TASK TO CARRY OUT
Where the records below show a line containing "#32=EDGE_CURVE('E68',#29,#31,#27,.T.);", start copying; end with the line containing "#47=VERTEX_POINT('',#46);", and copy it too.

[Data excerpts]
►

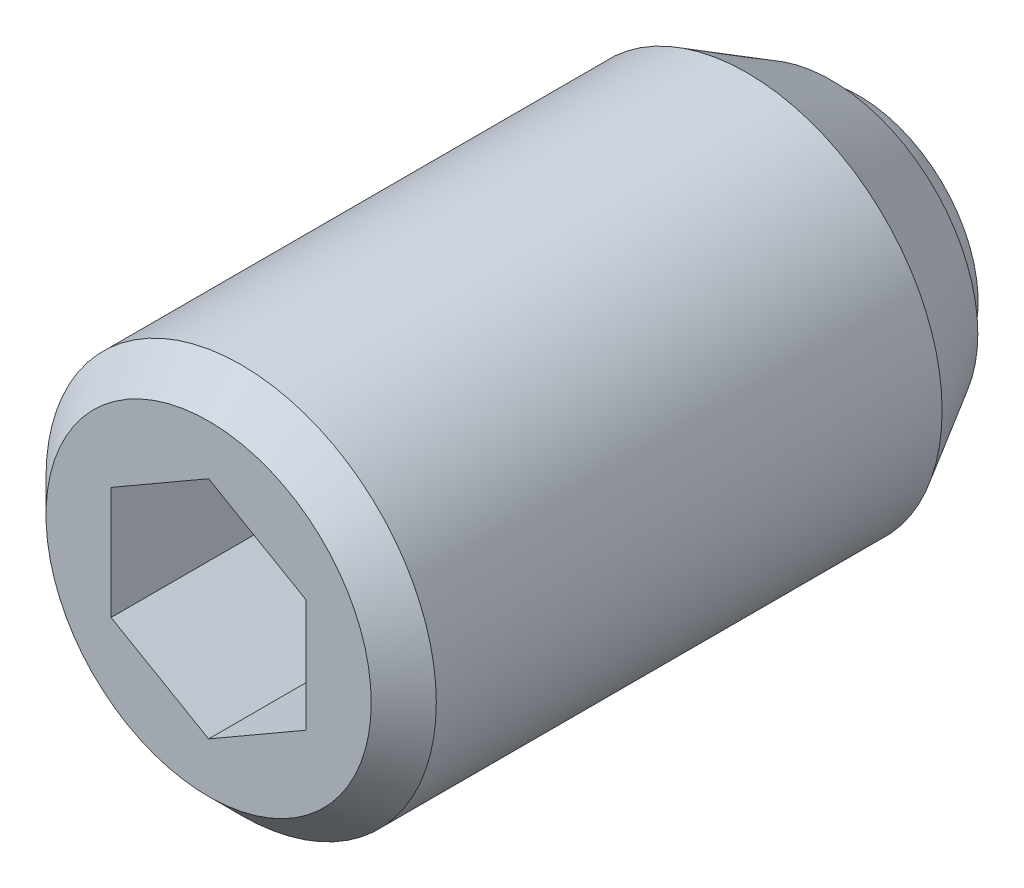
ISO-10303-21;
HEADER;
FILE_DESCRIPTION(('STEP AP214'),'2;1');
FILE_NAME('part.step','',(''),(''),'','','');
FILE_SCHEMA(('AUTOMOTIVE_DESIGN { 1 0 10303 214 1 1 1 1 }'));
ENDSEC;
DATA;
#1=APPLICATION_CONTEXT('core data for automotive mechanical design processes');
#2=APPLICATION_PROTOCOL_DEFINITION('international standard','automotive_design',2000,#1);
#3=PRODUCT_CONTEXT('',#1,'mechanical');
#4=PRODUCT('Part','Part','',(#3));
#5=PRODUCT_RELATED_PRODUCT_CATEGORY('part','',(#4));
#6=PRODUCT_DEFINITION_FORMATION('','',#4);
#7=PRODUCT_DEFINITION_CONTEXT('part definition',#1,'design');
#8=PRODUCT_DEFINITION('design','',#6,#7);
#9=PRODUCT_DEFINITION_SHAPE('','',#8);
#10=(LENGTH_UNIT() NAMED_UNIT(*) SI_UNIT(.MILLI.,.METRE.));
#11=(NAMED_UNIT(*) PLANE_ANGLE_UNIT() SI_UNIT($,.RADIAN.));
#12=(NAMED_UNIT(*) SI_UNIT($,.STERADIAN.) SOLID_ANGLE_UNIT());
#13=UNCERTAINTY_MEASURE_WITH_UNIT(LENGTH_MEASURE(1.E-05),#10,'distance_accuracy_value','');
#14=(GEOMETRIC_REPRESENTATION_CONTEXT(3) GLOBAL_UNCERTAINTY_ASSIGNED_CONTEXT((#13)) GLOBAL_UNIT_ASSIGNED_CONTEXT((#10,
#11,#12)) REPRESENTATION_CONTEXT('',''));
#15=CARTESIAN_POINT('',(0.,0.,0.));
#16=DIRECTION('',(0.,0.,1.));
#17=DIRECTION('',(1.,0.,0.));
#18=AXIS2_PLACEMENT_3D('',#15,#16,#17);
#19=CARTESIAN_POINT('',(3.,1.73205080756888,17.5));
#20=DIRECTION('',(0.5,0.86602540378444,0.));
#21=DIRECTION('',(0.86602540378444,-0.5,0.));
#22=AXIS2_PLACEMENT_3D('',#19,#20,#21);
#23=PLANE('',#22);
#24=DIRECTION('',(0.,0.,1.));
#25=VECTOR('',#24,1.);
#26=CARTESIAN_POINT('',(3.,1.73205080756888,17.5));
#27=LINE('',#26,#25);
#28=CARTESIAN_POINT('',(3.,1.73205080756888,15.));
#29=VERTEX_POINT('',#28);
#30=CARTESIAN_POINT('',(3.,1.73205080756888,20.));
#31=VERTEX_POINT('',#30);
#32=EDGE_CURVE('E68',#29,#31,#27,.T.);
#33=ORIENTED_EDGE('',*,*,#32,.T.);
#34=DIRECTION('',(-0.86602540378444,0.5,0.));
#35=VECTOR('',#34,1.);
#36=CARTESIAN_POINT('',(3.,1.73205080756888,20.));
#37=LINE('',#36,#35);
#38=CARTESIAN_POINT('',(0.,3.46410161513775,20.));
#39=VERTEX_POINT('',#38);
#40=EDGE_CURVE('E29',#31,#39,#37,.T.);
#41=ORIENTED_EDGE('',*,*,#40,.T.);
#42=DIRECTION('',(0.,0.,1.));
#43=VECTOR('',#42,1.);
#44=CARTESIAN_POINT('',(0.,3.46410161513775,17.5));
#45=LINE('',#44,#43);
#46=CARTESIAN_POINT('',(0.,3.46410161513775,15.));
#47=VERTEX_POINT('',#46);
#48=EDGE_CURVE('E80',#47,#39,#45,.T.);
#49=ORIENTED_EDGE('',*,*,#48,.F.);
#50=DIRECTION('',(-0.86602540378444,0.5,0.));
#51=VECTOR('',#50,1.);
#52=CARTESIAN_POINT('',(3.,1.73205080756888,15.));
#53=LINE('',#52,#51);
#54=EDGE_CURVE('E79',#29,#47,#53,.T.);
#55=ORIENTED_EDGE('',*,*,#54,.F.);
#56=EDGE_LOOP('',(#33,#41,#49,#55));
#57=FACE_BOUND('',#56,.T.);
#58=ADVANCED_FACE('F14',(#57),#23,.F.);
#59=CARTESIAN_POINT('',(3.,-1.73205080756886,17.5));
#60=DIRECTION('',(1.,0.,0.));
#61=DIRECTION('',(0.,-1.,0.));
#62=AXIS2_PLACEMENT_3D('',#59,#60,#61);
#63=PLANE('',#62);
#64=DIRECTION('',(0.,0.,1.));
#65=VECTOR('',#64,1.);
#66=CARTESIAN_POINT('',(3.,-1.73205080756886,17.5));
#67=LINE('',#66,#65);
#68=CARTESIAN_POINT('',(3.,-1.73205080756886,15.));
#69=VERTEX_POINT('',#68);
#70=CARTESIAN_POINT('',(3.,-1.73205080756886,20.));
#71=VERTEX_POINT('',#70);
#72=EDGE_CURVE('E76',#69,#71,#67,.T.);
#73=ORIENTED_EDGE('',*,*,#72,.T.);
#74=DIRECTION('',(0.,1.,0.));
#75=VECTOR('',#74,1.);
#76=CARTESIAN_POINT('',(3.,-1.73205080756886,20.));
#77=LINE('',#76,#75);
#78=EDGE_CURVE('E75',#71,#31,#77,.T.);
#79=ORIENTED_EDGE('',*,*,#78,.T.);
#80=ORIENTED_EDGE('',*,*,#32,.F.);
#81=DIRECTION('',(0.,1.,0.));
#82=VECTOR('',#81,1.);
#83=CARTESIAN_POINT('',(3.,-1.73205080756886,15.));
#84=LINE('',#83,#82);
#85=EDGE_CURVE('E72',#69,#29,#84,.T.);
#86=ORIENTED_EDGE('',*,*,#85,.F.);
#87=EDGE_LOOP('',(#73,#79,#80,#86));
#88=FACE_BOUND('',#87,.T.);
#89=ADVANCED_FACE('F70',(#88),#63,.F.);
#90=CARTESIAN_POINT('',(3.,-1.73205080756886,17.5));
#91=DIRECTION('',(-0.5,0.866025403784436,0.));
#92=DIRECTION('',(0.866025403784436,0.5,0.));
#93=AXIS2_PLACEMENT_3D('',#90,#91,#92);
#94=PLANE('',#93);
#95=DIRECTION('',(0.,0.,1.));
#96=VECTOR('',#95,1.);
#97=CARTESIAN_POINT('',(0.,-3.46410161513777,17.5));
#98=LINE('',#97,#96);
#99=CARTESIAN_POINT('',(0.,-3.46410161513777,15.));
#100=VERTEX_POINT('',#99);
#101=CARTESIAN_POINT('',(0.,-3.46410161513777,20.));
#102=VERTEX_POINT('',#101);
#103=EDGE_CURVE('E122',#100,#102,#98,.T.);
#104=ORIENTED_EDGE('',*,*,#103,.T.);
#105=DIRECTION('',(-0.866025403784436,-0.5,0.));
#106=VECTOR('',#105,1.);
#107=CARTESIAN_POINT('',(3.,-1.73205080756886,20.));
#108=LINE('',#107,#106);
#109=EDGE_CURVE('E113',#71,#102,#108,.T.);
#110=ORIENTED_EDGE('',*,*,#109,.F.);
#111=ORIENTED_EDGE('',*,*,#72,.F.);
#112=DIRECTION('',(0.866025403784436,0.5,0.));
#113=VECTOR('',#112,1.);
#114=CARTESIAN_POINT('',(0.,-3.46410161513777,15.));
#115=LINE('',#114,#113);
#116=EDGE_CURVE('E89',#100,#69,#115,.T.);
#117=ORIENTED_EDGE('',*,*,#116,.F.);
#118=EDGE_LOOP('',(#104,#110,#111,#117));
#119=FACE_BOUND('',#118,.T.);
#120=ADVANCED_FACE('F147',(#119),#94,.T.);
#121=CARTESIAN_POINT('',(-3.,-1.73205080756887,17.5));
#122=DIRECTION('',(-0.5,-0.866025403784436,0.));
#123=DIRECTION('',(-0.866025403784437,0.5,0.));
#124=AXIS2_PLACEMENT_3D('',#121,#122,#123);
#125=PLANE('',#124);
#126=DIRECTION('',(0.,0.,1.));
#127=VECTOR('',#126,1.);
#128=CARTESIAN_POINT('',(-3.,-1.73205080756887,17.5));
#129=LINE('',#128,#127);
#130=CARTESIAN_POINT('',(-3.,-1.73205080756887,15.));
#131=VERTEX_POINT('',#130);
#132=CARTESIAN_POINT('',(-3.,-1.73205080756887,20.));
#133=VERTEX_POINT('',#132);
#134=EDGE_CURVE('E120',#131,#133,#129,.T.);
#135=ORIENTED_EDGE('',*,*,#134,.T.);
#136=DIRECTION('',(0.866025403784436,-0.5,0.));
#137=VECTOR('',#136,1.);
#138=CARTESIAN_POINT('',(-3.,-1.73205080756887,20.));
#139=LINE('',#138,#137);
#140=EDGE_CURVE('E111',#133,#102,#139,.T.);
#141=ORIENTED_EDGE('',*,*,#140,.T.);
#142=ORIENTED_EDGE('',*,*,#103,.F.);
#143=DIRECTION('',(0.866025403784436,-0.5,0.));
#144=VECTOR('',#143,1.);
#145=CARTESIAN_POINT('',(-3.,-1.73205080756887,15.));
#146=LINE('',#145,#144);
#147=EDGE_CURVE('E101',#131,#100,#146,.T.);
#148=ORIENTED_EDGE('',*,*,#147,.F.);
#149=EDGE_LOOP('',(#135,#141,#142,#148));
#150=FACE_BOUND('',#149,.T.);
#151=ADVANCED_FACE('F157',(#150),#125,.F.);
#152=CARTESIAN_POINT('',(-3.,-1.73205080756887,17.5));
#153=DIRECTION('',(1.,0.,0.));
#154=DIRECTION('',(0.,-1.,0.));
#155=AXIS2_PLACEMENT_3D('',#152,#153,#154);
#156=PLANE('',#155);
#157=DIRECTION('',(0.,0.,1.));
#158=VECTOR('',#157,1.);
#159=CARTESIAN_POINT('',(-3.,1.73205080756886,17.5));
#160=LINE('',#159,#158);
#161=CARTESIAN_POINT('',(-3.,1.73205080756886,15.));
#162=VERTEX_POINT('',#161);
#163=CARTESIAN_POINT('',(-3.,1.73205080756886,20.));
#164=VERTEX_POINT('',#163);
#165=EDGE_CURVE('E37',#162,#164,#160,.T.);
#166=ORIENTED_EDGE('',*,*,#165,.T.);
#167=DIRECTION('',(0.,1.,0.));
#168=VECTOR('',#167,1.);
#169=CARTESIAN_POINT('',(-3.,-1.73205080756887,20.));
#170=LINE('',#169,#168);
#171=EDGE_CURVE('E108',#133,#164,#170,.T.);
#172=ORIENTED_EDGE('',*,*,#171,.F.);
#173=ORIENTED_EDGE('',*,*,#134,.F.);
#174=DIRECTION('',(0.,-1.,0.));
#175=VECTOR('',#174,1.);
#176=CARTESIAN_POINT('',(-3.,1.73205080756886,15.));
#177=LINE('',#176,#175);
#178=EDGE_CURVE('E98',#162,#131,#177,.T.);
#179=ORIENTED_EDGE('',*,*,#178,.F.);
#180=EDGE_LOOP('',(#166,#172,#173,#179));
#181=FACE_BOUND('',#180,.T.);
#182=ADVANCED_FACE('F153',(#181),#156,.T.);
#183=CARTESIAN_POINT('',(-3.,1.73205080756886,17.5));
#184=DIRECTION('',(0.5,-0.866025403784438,0.));
#185=DIRECTION('',(-0.866025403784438,-0.5,0.));
#186=AXIS2_PLACEMENT_3D('',#183,#184,#185);
#187=PLANE('',#186);
#188=ORIENTED_EDGE('',*,*,#165,.F.);
#189=DIRECTION('',(-0.866025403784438,-0.5,0.));
#190=VECTOR('',#189,1.);
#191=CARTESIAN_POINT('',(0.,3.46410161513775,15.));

◄

SOLUTION TO THIS EXERCISE
#32=EDGE_CURVE('E68',#29,#31,#27,.T.);
#33=ORIENTED_EDGE('',*,*,#32,.T.);
#34=DIRECTION('',(-0.86602540378444,0.5,0.));
#35=VECTOR('',#34,1.);
#36=CARTESIAN_POINT('',(3.,1.73205080756888,20.));
#37=LINE('',#36,#35);
#38=CARTESIAN_POINT('',(0.,3.46410161513775,20.));
#39=VERTEX_POINT('',#38);
#40=EDGE_CURVE('E29',#31,#39,#37,.T.);
#41=ORIENTED_EDGE('',*,*,#40,.T.);
#42=DIRECTION('',(0.,0.,1.));
#43=VECTOR('',#42,1.);
#44=CARTESIAN_POINT('',(0.,3.46410161513775,17.5));
#45=LINE('',#44,#43);
#46=CARTESIAN_POINT('',(0.,3.46410161513775,15.));
#47=VERTEX_POINT('',#46);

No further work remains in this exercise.